▶ PROBLEM:
Exactly reproduce the lines beginning with the line that includes "line L13 (-7.391, 3.0615)" and ending with the last line of the data.

▶ RECORDS FOR PROCESSING:
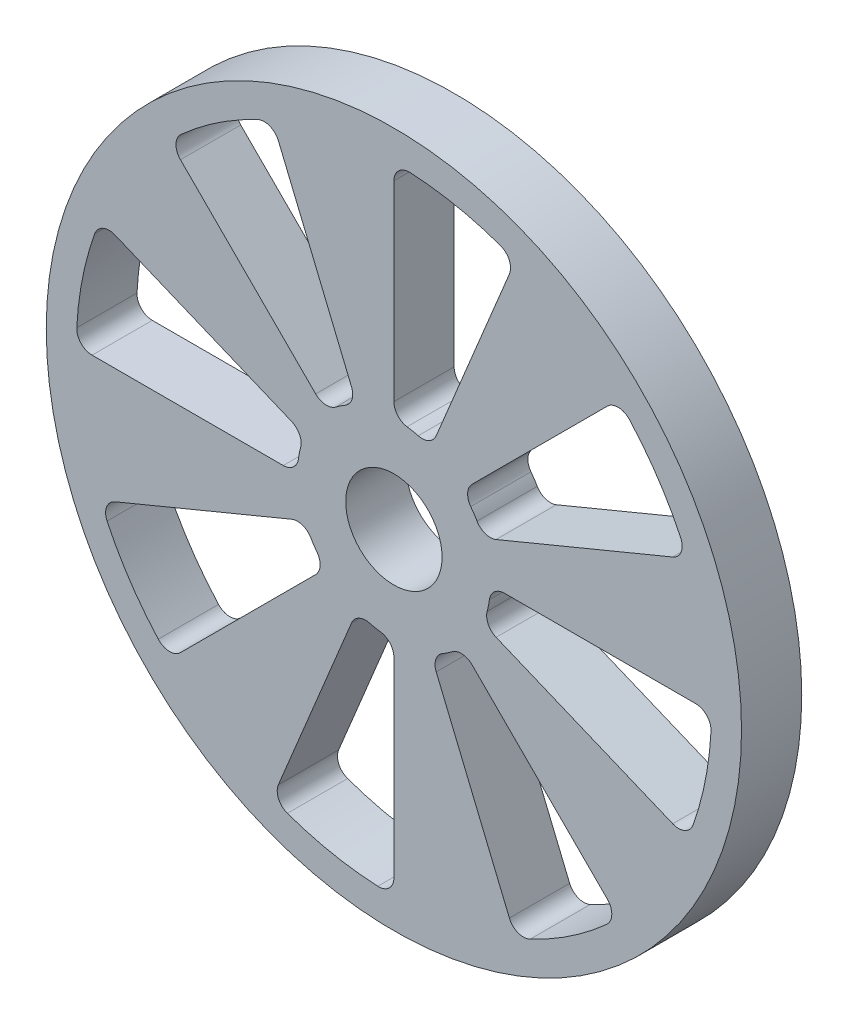
SolidWorks part; units mm, degrees
ref_plane "Front Plane" through (0, 0, 0) normal (0, 0, 1) x (1, 0, 0)
ref_plane "Top Plane" through (0, 0, 0) normal (0, 1, 0) x (1, 0, 0)
ref_plane "Right Plane" through (0, 0, 0) normal (1, 0, 0) x (0, 0, -1)
sketch "Sketch1" plane through (0, 0, 0) normal (0, 0, 1) x (1, 0, 0)
  line L0 (0, 8) -> (0, 26.355)
  line L1 (3.0615, 7.391) -> (10.0856, 24.3488)
  line L2 (5.6569, 5.6569) -> (18.6358, 18.6358)
  line L3 (7.391, 3.0615) -> (24.3488, 10.0856)
  line L4 (8, 0) -> (26.355, 0)
  line L5 (7.391, -3.0615) -> (24.3488, -10.0856)
  line L6 (5.6569, -5.6569) -> (18.6358, -18.6358)
  line L7 (3.0615, -7.391) -> (10.0856, -24.3488)
  line L8 (0, -8) -> (0, -26.355)
  line L9 (-3.0615, -7.391) -> (-10.0856, -24.3488)
  line L10 (-5.6569, -5.6569) -> (-18.6358, -18.6358)
  line L11 (-7.391, -3.0615) -> (-24.3488, -10.0856)
  line L12 (-8, 0) -> (-26.355, 0)
  line L13 (-7.391, 3.0615) -> (-24.3488, 10.0856)
  line L14 (-5.6569, 5.6569) -> (-18.6358, 18.6358)
  line L15 (-3.0615, 7.391) -> (-10.0856, 24.3488)
  circle A0 centre (0, 0) radius 28.855
  circle A1 centre (0, 0) radius 26.355
  circle A2 centre (0, 0) radius 8
  circle A3 centre (0, 0) radius 4
  point P41 (0, 0)
  dimension "D1" = 57.71
  dimension "D2" = 52.71
  dimension "D3" = 16
  dimension "D4" = 8
  dimension "D5" = 16
extrude "Boss-Extrude1" add sketch "Sketch1" along normal blind 5 contours A0 A1 | A2 L0 A1 L15 | A2 L2 A1 L1 | A2 L4 A1 L3 | A2 L6 A1 L5 | A2 L8 A1 L7 | A2 L10 A1 L9 | A2 L12 A1 L11 | A2 L14 A1 L13 | A2 A3 region at (-3.6465, 18.3321, 0) region at (1.5166, 7.6244, 0) region at (10.3843, 15.5412, 0) region at (-15.5412, 10.3843, 0) region at (18.3321, 3.6465, 0) region at (-18.3321, -3.6465, 0) region at (15.5412, -10.3843, 0) region at (-10.3843, -15.5412, 0) region at (3.6465, -18.3321, 0) region at (-28.0389, 0, 0)
fillet "Fillet2" radius 1.27 32 edges at (-3.0615, 7.391, 2.5) (-7.391, -3.0615, 2.5) (-7.391, 3.0615, 2.5) (-5.6569, -5.6569, 2.5) (0, -8, 2.5) (-3.0615, -7.391, 2.5) (5.6569, 5.6569, 2.5) (7.391, -3.0615, 2.5) (3.0615, -7.391, 2.5) (5.6569, -5.6569, 2.5) (18.6358, -18.6358, 2.5) (26.355, 0, 2.5) (0, 8, 2.5) (8, 0, 2.5) (10.0856, -24.3488, 2.5) (-10.0856, -24.3488, 2.5) (-26.355, 0, 2.5) (-18.6358, 18.6358, 2.5) (0, 26.355, 2.5) (18.6358, 18.6358, 2.5) (7.391, 3.0615, 2.5) (3.0615, 7.391, 2.5) (-5.6569, 5.6569, 2.5) (-8, 0, 2.5) (-18.6358, -18.6358, 2.5) (0, -26.355, 2.5) (24.3488, -10.0856, 2.5) (24.3488, 10.0856, 2.5) (10.0856, 24.3488, 2.5) (-10.0856, 24.3488, 2.5) (-24.3488, 10.0856, 2.5) (-24.3488, -10.0856, 2.5)

▶ TASK ANSWER:
  line L13 (-7.391, 3.0615) -> (-24.3488, 10.0856)
  line L14 (-5.6569, 5.6569) -> (-18.6358, 18.6358)
  line L15 (-3.0615, 7.391) -> (-10.0856, 24.3488)
  circle A0 centre (0, 0) radius 28.855
  circle A1 centre (0, 0) radius 26.355
  circle A2 centre (0, 0) radius 8
  circle A3 centre (0, 0) radius 4
  point P41 (0, 0)
  dimension "D1" = 57.71
  dimension "D2" = 52.71
  dimension "D3" = 16
  dimension "D4" = 8
  dimension "D5" = 16
extrude "Boss-Extrude1" add sketch "Sketch1" along normal blind 5 contours A0 A1 | A2 L0 A1 L15 | A2 L2 A1 L1 | A2 L4 A1 L3 | A2 L6 A1 L5 | A2 L8 A1 L7 | A2 L10 A1 L9 | A2 L12 A1 L11 | A2 L14 A1 L13 | A2 A3 region at (-3.6465, 18.3321, 0) region at (1.5166, 7.6244, 0) region at (10.3843, 15.5412, 0) region at (-15.5412, 10.3843, 0) region at (18.3321, 3.6465, 0) region at (-18.3321, -3.6465, 0) region at (15.5412, -10.3843, 0) region at (-10.3843, -15.5412, 0) region at (3.6465, -18.3321, 0) region at (-28.0389, 0, 0)
fillet "Fillet2" radius 1.27 32 edges at (-3.0615, 7.391, 2.5) (-7.391, -3.0615, 2.5) (-7.391, 3.0615, 2.5) (-5.6569, -5.6569, 2.5) (0, -8, 2.5) (-3.0615, -7.391, 2.5) (5.6569, 5.6569, 2.5) (7.391, -3.0615, 2.5) (3.0615, -7.391, 2.5) (5.6569, -5.6569, 2.5) (18.6358, -18.6358, 2.5) (26.355, 0, 2.5) (0, 8, 2.5) (8, 0, 2.5) (10.0856, -24.3488, 2.5) (-10.0856, -24.3488, 2.5) (-26.355, 0, 2.5) (-18.6358, 18.6358, 2.5) (0, 26.355, 2.5) (18.6358, 18.6358, 2.5) (7.391, 3.0615, 2.5) (3.0615, 7.391, 2.5) (-5.6569, 5.6569, 2.5) (-8, 0, 2.5) (-18.6358, -18.6358, 2.5) (0, -26.355, 2.5) (24.3488, -10.0856, 2.5) (24.3488, 10.0856, 2.5) (10.0856, 24.3488, 2.5) (-10.0856, 24.3488, 2.5) (-24.3488, 10.0856, 2.5) (-24.3488, -10.0856, 2.5)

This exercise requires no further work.